Reputation: 3632
I have discovered an interesting issue where a Stored Procedure executes very slowly from Entity Framework. I have already solved the problem, but I would like to hear if anyone can tell me why the solution works.
Issue
I have a Stored Procedure GetLoginCount that receives a @date parameter of type DATETIME. When I execute this Stored Procedure directly on the database it executes within a second. When executing through my application via Entity Framework, it takes around 45 seconds.
I have tried using WITH RECOMPILE on the Stored Procedure and cleared execution plans on the server, to ensure it hadn't cached some slow version of the execution plan that didn't use the correct index.

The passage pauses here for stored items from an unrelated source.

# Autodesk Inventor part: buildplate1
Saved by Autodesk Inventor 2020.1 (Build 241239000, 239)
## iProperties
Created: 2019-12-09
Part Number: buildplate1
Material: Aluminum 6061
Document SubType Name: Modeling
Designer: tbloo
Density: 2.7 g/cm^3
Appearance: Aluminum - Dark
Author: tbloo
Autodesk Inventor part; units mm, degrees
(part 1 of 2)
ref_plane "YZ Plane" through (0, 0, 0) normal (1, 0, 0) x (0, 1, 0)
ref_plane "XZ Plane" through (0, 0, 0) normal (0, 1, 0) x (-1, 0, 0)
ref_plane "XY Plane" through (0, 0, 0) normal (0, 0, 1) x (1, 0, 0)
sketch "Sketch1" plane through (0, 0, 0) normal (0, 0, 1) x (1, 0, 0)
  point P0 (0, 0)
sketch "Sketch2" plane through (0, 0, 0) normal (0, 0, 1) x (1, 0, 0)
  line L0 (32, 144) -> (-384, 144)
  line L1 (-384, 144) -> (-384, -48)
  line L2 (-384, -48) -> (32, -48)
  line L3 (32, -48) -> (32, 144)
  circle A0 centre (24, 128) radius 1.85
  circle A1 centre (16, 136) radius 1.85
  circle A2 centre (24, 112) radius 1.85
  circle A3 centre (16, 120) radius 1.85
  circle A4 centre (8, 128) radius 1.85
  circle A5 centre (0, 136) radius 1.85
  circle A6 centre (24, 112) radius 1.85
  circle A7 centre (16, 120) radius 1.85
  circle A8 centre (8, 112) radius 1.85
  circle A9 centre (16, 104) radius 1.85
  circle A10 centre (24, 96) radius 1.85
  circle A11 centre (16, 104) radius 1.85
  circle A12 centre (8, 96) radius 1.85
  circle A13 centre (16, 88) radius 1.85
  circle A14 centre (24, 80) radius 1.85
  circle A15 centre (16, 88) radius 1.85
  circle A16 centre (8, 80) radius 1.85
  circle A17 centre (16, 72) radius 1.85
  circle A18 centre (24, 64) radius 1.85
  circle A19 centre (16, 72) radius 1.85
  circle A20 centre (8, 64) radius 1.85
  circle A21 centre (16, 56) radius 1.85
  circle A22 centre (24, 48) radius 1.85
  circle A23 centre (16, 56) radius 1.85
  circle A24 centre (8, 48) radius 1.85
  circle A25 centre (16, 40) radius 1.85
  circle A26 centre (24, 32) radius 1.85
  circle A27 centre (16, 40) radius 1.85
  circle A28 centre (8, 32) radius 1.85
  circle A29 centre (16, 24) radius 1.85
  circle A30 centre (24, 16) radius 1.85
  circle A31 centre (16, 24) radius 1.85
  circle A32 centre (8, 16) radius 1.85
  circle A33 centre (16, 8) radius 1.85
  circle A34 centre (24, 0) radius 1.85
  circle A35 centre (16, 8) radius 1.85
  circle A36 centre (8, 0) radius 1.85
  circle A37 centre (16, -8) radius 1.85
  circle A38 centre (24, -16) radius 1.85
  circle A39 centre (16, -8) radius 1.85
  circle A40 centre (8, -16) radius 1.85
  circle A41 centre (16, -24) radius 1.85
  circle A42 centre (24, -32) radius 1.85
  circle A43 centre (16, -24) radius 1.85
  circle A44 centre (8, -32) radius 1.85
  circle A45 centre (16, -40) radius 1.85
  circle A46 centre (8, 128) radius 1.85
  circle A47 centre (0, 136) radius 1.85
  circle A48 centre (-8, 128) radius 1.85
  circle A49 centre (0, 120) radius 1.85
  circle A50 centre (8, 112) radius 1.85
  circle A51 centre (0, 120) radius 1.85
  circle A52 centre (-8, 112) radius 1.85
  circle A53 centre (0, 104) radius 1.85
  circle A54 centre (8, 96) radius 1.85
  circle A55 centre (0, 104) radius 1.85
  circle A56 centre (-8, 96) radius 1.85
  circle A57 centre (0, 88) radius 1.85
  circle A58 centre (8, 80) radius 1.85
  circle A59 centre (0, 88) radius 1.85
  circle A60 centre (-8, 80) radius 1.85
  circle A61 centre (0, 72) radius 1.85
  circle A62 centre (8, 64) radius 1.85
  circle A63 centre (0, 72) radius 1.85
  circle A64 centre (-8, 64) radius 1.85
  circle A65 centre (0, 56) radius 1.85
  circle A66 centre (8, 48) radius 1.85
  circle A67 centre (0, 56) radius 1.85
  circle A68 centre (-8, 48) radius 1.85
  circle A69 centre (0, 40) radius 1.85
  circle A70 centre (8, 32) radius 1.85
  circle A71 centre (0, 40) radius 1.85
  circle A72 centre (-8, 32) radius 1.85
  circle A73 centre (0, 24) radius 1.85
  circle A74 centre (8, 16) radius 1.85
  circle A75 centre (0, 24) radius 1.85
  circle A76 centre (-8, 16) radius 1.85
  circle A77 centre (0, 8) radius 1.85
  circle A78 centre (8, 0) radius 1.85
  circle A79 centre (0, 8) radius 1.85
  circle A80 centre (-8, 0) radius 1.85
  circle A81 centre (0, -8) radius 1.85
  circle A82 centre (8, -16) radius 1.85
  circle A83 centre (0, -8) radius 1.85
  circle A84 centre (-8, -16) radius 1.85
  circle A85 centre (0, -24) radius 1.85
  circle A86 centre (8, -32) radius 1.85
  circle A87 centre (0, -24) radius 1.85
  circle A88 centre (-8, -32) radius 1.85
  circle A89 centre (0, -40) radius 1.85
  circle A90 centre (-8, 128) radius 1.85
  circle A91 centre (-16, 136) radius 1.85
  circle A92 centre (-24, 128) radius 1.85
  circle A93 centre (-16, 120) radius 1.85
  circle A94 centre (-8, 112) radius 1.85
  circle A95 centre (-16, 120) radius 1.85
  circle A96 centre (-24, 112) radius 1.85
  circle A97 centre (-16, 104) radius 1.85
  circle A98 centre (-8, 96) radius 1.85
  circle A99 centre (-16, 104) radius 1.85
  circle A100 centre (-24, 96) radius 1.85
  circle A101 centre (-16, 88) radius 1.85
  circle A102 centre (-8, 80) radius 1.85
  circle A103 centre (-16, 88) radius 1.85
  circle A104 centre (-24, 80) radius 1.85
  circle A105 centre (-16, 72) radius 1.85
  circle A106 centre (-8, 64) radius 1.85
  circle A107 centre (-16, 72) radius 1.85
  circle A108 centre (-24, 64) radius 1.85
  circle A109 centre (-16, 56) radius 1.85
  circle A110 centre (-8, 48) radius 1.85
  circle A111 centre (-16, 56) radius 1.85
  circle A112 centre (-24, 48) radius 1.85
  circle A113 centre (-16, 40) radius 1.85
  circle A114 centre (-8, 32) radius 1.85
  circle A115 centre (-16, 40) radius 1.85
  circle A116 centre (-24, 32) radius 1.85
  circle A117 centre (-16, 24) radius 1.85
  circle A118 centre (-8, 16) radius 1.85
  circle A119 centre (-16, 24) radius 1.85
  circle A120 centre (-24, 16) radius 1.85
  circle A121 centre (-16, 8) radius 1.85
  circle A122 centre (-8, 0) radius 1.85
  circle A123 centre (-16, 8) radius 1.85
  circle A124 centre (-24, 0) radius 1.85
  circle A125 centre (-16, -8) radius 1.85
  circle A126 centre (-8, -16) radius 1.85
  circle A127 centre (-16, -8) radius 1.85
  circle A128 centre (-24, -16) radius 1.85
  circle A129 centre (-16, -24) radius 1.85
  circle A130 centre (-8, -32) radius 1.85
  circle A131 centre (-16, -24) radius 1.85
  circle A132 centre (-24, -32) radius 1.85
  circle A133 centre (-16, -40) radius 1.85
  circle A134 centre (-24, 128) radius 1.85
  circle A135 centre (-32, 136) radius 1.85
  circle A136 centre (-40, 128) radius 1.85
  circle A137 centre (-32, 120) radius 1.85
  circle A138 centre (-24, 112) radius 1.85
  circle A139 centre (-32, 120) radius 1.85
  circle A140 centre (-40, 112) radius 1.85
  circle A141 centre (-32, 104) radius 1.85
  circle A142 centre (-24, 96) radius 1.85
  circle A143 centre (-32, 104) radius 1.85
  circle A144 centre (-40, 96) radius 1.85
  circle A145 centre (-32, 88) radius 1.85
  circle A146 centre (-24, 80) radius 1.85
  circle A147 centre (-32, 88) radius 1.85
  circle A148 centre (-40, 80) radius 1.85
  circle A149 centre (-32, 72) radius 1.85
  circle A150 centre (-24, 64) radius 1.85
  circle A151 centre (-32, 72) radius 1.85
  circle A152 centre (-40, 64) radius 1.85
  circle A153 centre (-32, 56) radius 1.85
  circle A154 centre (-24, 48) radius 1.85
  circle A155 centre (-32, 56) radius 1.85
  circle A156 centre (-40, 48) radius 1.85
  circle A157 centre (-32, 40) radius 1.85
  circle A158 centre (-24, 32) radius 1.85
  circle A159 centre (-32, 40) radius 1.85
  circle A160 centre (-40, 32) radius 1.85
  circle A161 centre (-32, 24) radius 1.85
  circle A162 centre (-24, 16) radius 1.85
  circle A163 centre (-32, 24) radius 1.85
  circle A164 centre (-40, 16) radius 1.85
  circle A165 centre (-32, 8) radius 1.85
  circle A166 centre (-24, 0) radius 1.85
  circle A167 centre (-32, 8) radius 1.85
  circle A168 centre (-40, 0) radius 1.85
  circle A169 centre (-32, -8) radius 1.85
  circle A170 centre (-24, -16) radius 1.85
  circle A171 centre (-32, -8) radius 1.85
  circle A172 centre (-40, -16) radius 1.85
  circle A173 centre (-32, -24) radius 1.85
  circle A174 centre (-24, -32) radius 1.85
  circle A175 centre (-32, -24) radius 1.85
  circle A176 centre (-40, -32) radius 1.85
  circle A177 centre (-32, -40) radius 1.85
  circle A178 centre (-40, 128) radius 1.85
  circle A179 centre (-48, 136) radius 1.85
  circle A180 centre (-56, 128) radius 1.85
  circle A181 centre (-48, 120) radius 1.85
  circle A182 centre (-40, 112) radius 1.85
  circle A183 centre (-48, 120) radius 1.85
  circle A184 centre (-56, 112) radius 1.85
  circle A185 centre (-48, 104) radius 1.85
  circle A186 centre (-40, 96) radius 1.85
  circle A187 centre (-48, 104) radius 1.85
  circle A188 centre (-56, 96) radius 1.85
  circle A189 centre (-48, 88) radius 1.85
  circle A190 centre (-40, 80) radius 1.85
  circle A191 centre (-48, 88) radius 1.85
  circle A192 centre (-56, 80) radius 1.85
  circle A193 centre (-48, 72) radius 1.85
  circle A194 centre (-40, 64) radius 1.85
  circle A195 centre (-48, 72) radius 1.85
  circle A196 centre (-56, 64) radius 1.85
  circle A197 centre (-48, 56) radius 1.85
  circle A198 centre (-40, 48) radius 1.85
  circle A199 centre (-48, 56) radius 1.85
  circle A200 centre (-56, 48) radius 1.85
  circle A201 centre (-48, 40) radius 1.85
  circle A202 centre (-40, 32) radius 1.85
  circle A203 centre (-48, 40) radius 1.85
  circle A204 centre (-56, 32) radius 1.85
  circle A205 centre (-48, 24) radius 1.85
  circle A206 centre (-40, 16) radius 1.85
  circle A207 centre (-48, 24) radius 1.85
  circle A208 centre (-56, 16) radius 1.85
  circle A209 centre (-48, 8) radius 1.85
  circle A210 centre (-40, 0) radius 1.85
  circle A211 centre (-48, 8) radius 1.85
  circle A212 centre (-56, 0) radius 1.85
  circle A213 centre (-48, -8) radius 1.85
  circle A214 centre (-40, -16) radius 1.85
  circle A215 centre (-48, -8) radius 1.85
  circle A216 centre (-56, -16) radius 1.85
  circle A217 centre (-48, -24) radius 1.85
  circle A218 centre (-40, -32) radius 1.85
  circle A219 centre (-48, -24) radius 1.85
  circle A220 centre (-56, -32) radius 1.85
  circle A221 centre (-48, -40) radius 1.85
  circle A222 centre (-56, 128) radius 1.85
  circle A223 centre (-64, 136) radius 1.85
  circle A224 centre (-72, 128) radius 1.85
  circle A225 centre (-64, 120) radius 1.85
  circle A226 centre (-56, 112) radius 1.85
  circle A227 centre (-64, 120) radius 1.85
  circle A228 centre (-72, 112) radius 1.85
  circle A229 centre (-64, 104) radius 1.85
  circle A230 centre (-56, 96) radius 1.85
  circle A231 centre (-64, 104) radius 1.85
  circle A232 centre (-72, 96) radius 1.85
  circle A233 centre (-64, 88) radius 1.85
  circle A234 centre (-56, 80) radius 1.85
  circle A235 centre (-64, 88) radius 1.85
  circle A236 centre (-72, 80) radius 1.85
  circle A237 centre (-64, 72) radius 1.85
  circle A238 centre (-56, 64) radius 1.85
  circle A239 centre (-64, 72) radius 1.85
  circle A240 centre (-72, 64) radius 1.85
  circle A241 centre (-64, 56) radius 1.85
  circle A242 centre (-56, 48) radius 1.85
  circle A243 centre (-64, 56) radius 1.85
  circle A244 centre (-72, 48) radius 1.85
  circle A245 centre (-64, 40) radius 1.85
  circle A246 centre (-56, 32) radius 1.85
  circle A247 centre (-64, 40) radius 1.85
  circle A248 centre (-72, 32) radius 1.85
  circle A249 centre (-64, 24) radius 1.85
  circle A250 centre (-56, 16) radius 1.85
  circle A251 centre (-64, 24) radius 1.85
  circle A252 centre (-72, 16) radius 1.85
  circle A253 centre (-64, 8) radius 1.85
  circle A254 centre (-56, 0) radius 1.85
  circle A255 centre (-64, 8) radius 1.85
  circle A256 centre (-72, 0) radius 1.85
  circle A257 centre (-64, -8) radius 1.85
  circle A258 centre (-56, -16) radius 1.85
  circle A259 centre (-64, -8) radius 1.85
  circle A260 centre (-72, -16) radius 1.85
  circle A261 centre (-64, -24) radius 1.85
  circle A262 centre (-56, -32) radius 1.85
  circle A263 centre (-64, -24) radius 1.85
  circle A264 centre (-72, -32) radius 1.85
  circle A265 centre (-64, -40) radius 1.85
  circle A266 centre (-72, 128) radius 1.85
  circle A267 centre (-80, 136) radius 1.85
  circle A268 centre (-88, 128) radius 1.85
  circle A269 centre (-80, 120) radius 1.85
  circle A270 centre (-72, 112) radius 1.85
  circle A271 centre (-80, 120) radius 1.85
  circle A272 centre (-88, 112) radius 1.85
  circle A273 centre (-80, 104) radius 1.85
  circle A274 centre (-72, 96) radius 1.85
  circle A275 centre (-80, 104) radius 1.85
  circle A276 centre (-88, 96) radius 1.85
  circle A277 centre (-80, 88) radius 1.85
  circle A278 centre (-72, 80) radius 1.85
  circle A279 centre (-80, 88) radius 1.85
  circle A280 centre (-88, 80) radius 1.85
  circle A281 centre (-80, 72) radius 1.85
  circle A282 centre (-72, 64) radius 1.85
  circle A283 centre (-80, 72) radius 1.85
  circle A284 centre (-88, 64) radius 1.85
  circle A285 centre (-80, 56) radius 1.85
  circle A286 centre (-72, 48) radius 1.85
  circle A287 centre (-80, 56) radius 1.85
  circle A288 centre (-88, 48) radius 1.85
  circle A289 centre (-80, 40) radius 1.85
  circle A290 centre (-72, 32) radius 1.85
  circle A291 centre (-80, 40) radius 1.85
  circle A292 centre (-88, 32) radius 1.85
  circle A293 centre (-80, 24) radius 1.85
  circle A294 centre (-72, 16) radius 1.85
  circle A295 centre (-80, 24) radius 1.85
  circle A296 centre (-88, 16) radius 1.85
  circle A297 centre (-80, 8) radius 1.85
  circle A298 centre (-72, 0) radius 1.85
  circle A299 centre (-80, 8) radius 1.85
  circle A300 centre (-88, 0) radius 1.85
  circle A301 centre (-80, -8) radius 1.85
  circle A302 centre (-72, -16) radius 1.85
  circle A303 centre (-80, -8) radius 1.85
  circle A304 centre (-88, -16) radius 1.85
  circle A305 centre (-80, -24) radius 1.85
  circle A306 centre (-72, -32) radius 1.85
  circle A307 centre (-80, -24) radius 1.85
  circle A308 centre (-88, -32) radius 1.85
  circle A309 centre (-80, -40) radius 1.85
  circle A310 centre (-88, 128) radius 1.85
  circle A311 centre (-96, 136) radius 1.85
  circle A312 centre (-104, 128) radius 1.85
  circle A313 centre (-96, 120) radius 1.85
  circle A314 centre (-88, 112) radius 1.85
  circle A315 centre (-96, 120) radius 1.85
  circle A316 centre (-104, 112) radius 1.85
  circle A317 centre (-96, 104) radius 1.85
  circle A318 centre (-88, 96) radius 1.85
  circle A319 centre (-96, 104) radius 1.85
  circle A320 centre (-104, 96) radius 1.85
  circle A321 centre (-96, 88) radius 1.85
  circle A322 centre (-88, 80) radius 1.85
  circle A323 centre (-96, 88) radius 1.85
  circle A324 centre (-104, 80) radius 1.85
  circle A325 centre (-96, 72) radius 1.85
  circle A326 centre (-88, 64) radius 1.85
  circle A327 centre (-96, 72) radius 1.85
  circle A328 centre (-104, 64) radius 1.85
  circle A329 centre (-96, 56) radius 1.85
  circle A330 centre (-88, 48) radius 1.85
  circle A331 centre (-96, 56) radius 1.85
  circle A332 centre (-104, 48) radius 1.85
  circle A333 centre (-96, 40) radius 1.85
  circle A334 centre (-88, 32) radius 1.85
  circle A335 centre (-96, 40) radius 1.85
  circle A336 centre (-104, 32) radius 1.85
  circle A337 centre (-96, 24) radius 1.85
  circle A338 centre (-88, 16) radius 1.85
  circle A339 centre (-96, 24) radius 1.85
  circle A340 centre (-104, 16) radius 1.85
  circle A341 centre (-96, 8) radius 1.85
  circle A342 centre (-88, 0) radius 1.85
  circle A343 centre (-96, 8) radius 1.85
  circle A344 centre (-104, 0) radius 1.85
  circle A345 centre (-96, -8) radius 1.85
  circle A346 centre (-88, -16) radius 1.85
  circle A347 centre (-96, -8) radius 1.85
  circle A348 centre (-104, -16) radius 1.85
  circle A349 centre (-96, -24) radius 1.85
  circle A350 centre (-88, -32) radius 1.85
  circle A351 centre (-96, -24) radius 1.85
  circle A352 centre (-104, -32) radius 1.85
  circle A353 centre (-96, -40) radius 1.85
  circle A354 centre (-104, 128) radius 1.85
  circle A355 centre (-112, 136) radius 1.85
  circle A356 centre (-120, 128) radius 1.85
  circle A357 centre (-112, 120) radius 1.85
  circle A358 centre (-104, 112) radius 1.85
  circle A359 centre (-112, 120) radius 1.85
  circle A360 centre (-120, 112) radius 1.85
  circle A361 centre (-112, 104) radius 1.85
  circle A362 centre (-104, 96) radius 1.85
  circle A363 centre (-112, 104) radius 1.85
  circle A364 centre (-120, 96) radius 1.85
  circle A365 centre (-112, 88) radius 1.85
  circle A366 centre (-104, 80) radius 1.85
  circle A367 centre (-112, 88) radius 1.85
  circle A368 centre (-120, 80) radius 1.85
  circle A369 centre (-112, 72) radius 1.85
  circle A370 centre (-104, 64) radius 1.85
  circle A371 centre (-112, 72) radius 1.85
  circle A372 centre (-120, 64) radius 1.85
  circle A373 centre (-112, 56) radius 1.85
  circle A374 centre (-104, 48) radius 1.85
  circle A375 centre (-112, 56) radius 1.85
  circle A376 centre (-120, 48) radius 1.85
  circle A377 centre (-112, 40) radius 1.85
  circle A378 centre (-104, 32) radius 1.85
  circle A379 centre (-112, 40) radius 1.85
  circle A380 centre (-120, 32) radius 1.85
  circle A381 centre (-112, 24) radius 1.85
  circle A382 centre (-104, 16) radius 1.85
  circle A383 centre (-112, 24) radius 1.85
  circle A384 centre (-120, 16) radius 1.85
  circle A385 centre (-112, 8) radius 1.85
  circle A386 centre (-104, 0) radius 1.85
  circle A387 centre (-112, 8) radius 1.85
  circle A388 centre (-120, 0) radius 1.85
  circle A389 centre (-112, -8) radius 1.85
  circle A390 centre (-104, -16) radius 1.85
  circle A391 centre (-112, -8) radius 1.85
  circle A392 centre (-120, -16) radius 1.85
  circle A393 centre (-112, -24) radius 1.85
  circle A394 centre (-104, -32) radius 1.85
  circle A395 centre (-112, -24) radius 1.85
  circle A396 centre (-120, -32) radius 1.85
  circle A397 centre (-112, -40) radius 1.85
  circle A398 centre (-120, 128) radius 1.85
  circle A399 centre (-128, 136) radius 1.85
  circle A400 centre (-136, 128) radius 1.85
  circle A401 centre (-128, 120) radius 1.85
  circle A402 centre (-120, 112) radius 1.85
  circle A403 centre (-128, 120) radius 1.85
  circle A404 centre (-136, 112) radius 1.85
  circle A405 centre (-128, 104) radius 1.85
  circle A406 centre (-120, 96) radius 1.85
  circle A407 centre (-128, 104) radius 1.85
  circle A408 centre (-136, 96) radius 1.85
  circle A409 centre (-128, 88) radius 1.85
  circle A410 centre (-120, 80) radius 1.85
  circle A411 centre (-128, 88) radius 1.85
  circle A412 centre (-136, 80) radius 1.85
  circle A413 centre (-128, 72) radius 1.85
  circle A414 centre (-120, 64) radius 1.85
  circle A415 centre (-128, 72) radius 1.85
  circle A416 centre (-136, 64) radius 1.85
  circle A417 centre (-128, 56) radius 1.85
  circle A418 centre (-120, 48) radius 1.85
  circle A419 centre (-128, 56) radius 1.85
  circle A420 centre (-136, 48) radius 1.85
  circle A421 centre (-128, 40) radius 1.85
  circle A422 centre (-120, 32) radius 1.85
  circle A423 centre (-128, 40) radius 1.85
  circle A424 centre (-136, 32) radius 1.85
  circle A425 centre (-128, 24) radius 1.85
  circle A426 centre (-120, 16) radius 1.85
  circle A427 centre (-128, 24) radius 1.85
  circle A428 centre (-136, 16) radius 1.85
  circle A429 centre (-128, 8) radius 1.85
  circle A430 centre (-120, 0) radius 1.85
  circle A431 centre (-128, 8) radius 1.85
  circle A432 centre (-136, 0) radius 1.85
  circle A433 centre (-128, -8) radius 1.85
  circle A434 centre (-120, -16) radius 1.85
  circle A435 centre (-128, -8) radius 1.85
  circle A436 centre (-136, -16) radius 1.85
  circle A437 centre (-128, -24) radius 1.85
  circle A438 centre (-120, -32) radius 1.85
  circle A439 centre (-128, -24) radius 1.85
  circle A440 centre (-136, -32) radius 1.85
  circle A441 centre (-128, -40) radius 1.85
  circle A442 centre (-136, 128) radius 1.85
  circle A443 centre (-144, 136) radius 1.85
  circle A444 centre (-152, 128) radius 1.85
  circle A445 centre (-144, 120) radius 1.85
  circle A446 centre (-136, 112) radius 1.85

Fast forward after 2 days of experiments, I found that if I simply put the following in the beginning of my Stored Procedure: DECLARE @date1 DATETIME = @date
and use @date1 instead, the Stored Procedure executes in 1 second, also from Entity Framework.
WHY?
I have solved my problem and that's all good and fine, but I need to know why this specific solution works.
Upvotes: 1
Views: 1113
Reputation: 3632
Martin Smith gave the correct answer in a comment, but as he hasn't put it as an answer, I'm inserting it here, so I can correctly mark the question as answered:
"Assigning to a variable and using the variable disables parameter sniffing. i.e. SQL Server no longer has a specific date it can look up in the statistics to get selectivity estimates and just guesses as per OPTIMIZE FOR UNKNOWN"
Using OPTIMIZE FOR UNKNOWN indeed solves the problem.